(DIRECTIONS FOR THIS TASK)
Report each line of the entries below that has the word "feature" in it.

-------- DATA --------

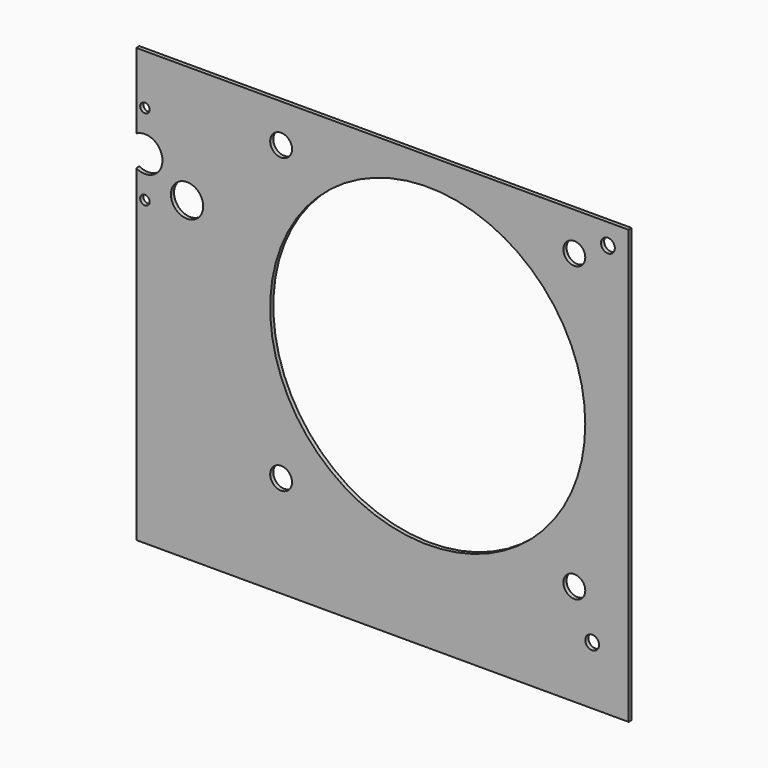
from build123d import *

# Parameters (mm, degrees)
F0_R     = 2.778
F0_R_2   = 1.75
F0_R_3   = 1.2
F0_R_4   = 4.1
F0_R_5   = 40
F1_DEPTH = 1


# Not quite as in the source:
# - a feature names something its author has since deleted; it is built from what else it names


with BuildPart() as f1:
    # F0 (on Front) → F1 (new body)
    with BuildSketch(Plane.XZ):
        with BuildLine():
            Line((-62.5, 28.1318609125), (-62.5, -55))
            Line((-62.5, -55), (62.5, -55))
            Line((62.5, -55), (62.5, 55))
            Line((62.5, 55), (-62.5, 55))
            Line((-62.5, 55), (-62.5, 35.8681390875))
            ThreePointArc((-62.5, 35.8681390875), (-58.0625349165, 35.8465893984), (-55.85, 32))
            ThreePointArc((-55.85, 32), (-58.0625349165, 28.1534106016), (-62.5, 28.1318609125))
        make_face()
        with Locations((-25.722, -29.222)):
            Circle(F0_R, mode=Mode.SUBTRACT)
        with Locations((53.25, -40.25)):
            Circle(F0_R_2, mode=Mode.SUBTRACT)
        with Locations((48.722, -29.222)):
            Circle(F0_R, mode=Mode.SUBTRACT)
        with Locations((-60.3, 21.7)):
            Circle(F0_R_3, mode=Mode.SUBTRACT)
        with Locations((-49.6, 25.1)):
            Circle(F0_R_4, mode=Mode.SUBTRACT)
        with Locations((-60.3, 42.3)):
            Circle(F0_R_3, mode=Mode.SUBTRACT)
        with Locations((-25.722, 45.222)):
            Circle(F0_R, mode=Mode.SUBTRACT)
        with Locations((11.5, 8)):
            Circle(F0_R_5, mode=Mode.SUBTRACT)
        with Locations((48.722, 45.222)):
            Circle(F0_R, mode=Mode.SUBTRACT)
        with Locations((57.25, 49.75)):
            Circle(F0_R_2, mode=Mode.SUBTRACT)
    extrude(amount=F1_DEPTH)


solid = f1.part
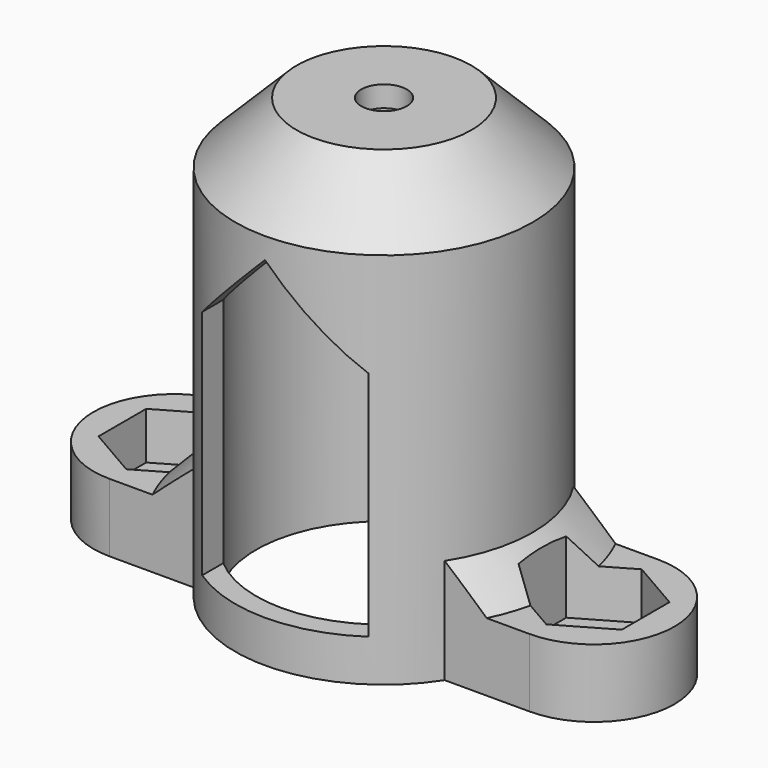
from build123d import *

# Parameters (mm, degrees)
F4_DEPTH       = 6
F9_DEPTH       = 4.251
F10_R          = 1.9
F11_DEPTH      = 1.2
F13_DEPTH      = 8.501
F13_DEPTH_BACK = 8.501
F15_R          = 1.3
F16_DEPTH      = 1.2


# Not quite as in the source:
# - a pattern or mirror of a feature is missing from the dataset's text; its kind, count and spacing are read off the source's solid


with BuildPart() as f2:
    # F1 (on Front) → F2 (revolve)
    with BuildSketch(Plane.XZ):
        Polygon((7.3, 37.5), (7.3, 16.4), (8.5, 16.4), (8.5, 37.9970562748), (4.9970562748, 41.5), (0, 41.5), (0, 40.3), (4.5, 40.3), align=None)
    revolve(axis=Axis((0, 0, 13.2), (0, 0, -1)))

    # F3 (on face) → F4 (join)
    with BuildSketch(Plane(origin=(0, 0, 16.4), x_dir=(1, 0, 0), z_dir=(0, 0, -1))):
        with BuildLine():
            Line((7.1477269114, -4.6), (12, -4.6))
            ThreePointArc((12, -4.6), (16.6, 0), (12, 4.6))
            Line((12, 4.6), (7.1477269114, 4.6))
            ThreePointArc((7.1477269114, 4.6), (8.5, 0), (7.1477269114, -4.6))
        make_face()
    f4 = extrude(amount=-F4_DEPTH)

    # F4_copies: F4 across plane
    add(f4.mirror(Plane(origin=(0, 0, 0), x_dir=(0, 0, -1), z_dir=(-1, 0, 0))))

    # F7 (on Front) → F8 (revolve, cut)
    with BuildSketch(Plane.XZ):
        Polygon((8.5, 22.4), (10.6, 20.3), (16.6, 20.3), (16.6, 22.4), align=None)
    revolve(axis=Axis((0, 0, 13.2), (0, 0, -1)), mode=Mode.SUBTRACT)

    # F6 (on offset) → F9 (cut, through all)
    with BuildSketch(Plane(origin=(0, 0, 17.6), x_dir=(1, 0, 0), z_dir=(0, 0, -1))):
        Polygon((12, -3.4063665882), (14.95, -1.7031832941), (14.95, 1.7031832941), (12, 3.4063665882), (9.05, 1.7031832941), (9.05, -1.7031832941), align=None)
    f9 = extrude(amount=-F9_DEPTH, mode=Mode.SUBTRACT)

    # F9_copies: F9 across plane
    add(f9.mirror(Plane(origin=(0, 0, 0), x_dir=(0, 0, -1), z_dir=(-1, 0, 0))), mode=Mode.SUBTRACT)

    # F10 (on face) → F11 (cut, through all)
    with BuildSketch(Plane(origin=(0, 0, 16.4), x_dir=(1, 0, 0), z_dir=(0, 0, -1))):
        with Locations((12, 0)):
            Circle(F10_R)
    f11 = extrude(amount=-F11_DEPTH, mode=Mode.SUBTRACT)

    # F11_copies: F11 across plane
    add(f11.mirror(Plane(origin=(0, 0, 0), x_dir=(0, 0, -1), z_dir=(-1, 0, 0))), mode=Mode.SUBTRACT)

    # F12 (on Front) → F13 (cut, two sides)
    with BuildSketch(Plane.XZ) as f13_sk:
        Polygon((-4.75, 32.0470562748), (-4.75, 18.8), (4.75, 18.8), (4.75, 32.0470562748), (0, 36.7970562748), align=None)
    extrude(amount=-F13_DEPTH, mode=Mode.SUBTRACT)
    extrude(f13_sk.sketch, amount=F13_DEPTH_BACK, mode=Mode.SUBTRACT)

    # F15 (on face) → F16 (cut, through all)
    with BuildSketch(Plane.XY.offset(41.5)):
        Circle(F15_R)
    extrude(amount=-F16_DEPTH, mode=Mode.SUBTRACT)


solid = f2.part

--------

(SOLVED PROBLEM)
# - a feature names something its author has since deleted; it is built from what else it names
# - a pattern or mirror of a feature is missing from the dataset's text; its kind, count and spacing are read off the source's solid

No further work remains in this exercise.